The problem: In the records that follow, count each line where the string "ground" occurs. Provide the total and no other text.

======== Available data

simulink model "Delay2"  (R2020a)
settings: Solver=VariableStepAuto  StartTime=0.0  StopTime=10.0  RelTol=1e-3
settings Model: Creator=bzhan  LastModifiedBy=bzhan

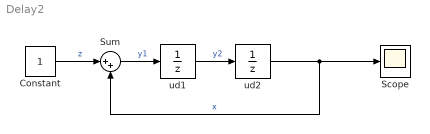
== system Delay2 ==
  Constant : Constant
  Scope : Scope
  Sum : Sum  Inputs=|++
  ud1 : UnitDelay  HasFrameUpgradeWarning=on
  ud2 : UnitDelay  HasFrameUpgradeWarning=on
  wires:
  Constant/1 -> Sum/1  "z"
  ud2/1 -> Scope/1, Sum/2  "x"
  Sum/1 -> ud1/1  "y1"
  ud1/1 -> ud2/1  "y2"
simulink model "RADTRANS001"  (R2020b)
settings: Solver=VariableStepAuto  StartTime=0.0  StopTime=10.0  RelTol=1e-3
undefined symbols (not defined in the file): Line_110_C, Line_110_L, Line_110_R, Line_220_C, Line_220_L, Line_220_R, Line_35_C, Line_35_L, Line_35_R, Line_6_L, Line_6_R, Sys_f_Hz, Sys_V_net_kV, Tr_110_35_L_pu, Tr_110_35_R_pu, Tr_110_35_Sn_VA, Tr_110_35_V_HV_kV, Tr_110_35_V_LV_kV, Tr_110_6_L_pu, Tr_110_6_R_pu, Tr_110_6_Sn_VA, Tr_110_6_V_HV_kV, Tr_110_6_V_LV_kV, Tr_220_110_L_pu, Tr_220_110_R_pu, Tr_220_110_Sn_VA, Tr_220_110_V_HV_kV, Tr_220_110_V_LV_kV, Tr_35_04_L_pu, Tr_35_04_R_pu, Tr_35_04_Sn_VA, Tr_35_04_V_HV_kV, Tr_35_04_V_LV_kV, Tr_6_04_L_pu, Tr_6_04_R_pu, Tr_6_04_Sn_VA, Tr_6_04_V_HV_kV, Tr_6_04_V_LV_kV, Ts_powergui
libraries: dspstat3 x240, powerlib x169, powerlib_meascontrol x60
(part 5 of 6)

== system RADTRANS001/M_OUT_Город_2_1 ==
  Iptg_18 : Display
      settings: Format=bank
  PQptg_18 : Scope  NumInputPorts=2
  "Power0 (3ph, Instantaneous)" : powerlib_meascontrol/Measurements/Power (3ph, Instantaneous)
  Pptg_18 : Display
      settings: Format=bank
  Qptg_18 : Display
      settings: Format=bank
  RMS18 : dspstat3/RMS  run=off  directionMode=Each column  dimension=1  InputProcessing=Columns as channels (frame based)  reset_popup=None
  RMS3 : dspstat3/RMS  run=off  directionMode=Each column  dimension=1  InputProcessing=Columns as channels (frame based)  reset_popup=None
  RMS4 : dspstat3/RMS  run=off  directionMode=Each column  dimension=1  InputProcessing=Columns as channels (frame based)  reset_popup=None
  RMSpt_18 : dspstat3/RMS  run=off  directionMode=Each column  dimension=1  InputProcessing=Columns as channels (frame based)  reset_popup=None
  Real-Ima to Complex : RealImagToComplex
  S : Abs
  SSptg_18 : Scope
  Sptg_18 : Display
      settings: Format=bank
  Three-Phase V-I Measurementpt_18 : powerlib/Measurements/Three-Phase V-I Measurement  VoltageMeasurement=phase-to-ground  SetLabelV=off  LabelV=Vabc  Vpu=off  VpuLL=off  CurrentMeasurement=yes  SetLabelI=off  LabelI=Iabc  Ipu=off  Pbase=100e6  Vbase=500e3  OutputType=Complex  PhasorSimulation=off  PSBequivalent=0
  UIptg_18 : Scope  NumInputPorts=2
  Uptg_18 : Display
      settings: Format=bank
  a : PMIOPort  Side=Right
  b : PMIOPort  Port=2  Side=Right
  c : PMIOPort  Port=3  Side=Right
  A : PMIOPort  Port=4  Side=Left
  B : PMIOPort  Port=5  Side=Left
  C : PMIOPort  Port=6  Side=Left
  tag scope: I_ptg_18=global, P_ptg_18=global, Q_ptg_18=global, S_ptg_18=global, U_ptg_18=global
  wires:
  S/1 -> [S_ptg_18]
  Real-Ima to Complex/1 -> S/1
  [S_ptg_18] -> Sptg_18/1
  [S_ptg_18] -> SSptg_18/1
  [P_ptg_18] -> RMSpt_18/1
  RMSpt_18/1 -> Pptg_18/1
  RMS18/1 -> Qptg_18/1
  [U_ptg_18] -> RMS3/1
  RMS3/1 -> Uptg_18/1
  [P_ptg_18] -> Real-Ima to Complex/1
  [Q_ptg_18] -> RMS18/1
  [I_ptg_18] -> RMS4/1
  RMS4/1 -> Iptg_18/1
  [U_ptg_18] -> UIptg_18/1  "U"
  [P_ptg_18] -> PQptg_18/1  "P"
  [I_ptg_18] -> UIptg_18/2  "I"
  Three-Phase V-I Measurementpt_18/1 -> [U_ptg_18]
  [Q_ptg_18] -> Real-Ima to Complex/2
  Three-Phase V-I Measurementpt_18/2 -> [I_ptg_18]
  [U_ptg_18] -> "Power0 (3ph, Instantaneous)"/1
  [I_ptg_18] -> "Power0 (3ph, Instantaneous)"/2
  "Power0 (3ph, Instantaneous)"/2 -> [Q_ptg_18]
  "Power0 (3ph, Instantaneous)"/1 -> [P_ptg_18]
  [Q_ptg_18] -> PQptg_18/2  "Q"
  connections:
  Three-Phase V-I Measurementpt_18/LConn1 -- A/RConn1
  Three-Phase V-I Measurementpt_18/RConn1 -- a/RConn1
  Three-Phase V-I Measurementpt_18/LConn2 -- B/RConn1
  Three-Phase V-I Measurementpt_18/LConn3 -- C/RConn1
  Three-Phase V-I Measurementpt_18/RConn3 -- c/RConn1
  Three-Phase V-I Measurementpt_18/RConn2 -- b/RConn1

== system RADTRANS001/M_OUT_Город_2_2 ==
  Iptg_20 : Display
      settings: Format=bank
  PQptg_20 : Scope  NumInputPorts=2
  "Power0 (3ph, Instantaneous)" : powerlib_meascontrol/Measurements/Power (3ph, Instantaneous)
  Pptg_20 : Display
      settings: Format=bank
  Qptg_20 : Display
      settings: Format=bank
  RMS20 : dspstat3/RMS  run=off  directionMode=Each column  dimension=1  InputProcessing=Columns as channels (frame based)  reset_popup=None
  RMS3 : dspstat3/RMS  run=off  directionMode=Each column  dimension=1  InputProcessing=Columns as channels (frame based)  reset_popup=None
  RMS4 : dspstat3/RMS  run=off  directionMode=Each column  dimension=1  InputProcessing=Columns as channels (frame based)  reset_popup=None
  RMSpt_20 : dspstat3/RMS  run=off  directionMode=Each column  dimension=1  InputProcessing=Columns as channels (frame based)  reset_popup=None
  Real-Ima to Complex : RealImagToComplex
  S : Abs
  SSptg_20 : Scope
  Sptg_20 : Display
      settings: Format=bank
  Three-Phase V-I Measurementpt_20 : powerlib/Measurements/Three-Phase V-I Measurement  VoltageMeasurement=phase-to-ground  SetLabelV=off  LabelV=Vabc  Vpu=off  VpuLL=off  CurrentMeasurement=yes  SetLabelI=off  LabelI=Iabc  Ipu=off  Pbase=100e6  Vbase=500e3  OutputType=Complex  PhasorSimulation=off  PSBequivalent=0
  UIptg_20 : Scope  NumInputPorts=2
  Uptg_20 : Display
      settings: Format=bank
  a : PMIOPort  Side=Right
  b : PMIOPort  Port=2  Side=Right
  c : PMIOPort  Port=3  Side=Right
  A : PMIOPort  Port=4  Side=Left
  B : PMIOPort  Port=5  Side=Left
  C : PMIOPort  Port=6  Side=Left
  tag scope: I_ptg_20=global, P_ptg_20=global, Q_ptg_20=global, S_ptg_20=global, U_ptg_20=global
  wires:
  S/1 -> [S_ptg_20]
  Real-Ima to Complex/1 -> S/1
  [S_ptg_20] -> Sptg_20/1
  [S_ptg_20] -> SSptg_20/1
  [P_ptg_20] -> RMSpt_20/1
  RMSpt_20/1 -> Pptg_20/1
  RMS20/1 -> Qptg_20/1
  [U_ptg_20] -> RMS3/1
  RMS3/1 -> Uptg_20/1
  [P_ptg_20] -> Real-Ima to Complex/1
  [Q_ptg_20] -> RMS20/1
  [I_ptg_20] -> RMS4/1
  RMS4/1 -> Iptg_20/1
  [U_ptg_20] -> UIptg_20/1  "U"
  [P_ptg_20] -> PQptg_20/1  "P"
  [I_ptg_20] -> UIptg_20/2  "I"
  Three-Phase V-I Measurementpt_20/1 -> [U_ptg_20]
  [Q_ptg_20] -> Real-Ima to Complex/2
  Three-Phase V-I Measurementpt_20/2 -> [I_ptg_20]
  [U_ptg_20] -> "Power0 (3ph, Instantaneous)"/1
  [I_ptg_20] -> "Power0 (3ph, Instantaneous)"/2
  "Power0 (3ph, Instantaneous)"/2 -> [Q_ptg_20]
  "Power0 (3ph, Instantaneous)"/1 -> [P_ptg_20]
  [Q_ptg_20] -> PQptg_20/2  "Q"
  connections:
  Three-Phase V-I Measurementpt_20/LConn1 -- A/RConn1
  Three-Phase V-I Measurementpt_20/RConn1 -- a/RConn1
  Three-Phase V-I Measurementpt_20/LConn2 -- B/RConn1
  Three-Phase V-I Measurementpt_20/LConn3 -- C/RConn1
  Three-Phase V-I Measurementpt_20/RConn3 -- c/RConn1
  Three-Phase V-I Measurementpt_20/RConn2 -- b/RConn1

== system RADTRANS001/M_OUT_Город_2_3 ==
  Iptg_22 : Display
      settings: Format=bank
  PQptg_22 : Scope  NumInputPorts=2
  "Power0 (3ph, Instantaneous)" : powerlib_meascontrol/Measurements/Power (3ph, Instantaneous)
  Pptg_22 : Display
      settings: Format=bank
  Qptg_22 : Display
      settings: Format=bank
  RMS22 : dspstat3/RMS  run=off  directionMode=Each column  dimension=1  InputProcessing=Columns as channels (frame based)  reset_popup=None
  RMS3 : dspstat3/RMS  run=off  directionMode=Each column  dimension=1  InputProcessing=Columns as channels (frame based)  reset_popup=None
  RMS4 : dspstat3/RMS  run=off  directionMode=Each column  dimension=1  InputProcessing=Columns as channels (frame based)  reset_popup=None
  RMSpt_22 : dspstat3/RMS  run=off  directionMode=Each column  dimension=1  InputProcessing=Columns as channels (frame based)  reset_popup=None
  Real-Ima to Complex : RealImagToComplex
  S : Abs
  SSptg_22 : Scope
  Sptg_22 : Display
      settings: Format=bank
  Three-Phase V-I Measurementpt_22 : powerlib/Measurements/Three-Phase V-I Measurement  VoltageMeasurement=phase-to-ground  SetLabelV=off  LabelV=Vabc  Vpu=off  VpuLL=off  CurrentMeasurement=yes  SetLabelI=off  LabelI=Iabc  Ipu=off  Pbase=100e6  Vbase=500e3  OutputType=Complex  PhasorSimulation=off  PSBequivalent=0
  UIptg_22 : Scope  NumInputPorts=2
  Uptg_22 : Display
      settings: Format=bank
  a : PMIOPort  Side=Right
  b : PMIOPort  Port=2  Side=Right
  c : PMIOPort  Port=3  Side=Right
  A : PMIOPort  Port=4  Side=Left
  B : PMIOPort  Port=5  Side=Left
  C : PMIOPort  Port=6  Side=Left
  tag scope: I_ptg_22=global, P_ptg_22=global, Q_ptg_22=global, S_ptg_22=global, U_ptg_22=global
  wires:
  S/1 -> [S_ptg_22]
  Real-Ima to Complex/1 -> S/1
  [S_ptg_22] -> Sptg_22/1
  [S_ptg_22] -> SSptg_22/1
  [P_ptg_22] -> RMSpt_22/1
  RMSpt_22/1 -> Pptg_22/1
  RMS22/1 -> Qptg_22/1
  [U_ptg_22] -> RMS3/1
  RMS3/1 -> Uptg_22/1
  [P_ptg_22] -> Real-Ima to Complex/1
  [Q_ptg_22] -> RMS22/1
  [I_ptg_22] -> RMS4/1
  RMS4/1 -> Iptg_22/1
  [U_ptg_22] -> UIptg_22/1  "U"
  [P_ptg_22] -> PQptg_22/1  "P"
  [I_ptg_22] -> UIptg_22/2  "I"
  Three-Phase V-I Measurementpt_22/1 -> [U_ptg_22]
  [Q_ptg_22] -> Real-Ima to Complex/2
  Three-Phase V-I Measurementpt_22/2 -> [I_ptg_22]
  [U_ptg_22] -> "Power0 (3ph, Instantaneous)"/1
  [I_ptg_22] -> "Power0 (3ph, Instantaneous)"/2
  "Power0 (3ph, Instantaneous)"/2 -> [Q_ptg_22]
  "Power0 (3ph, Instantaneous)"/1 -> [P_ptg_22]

================

Result for this task: 3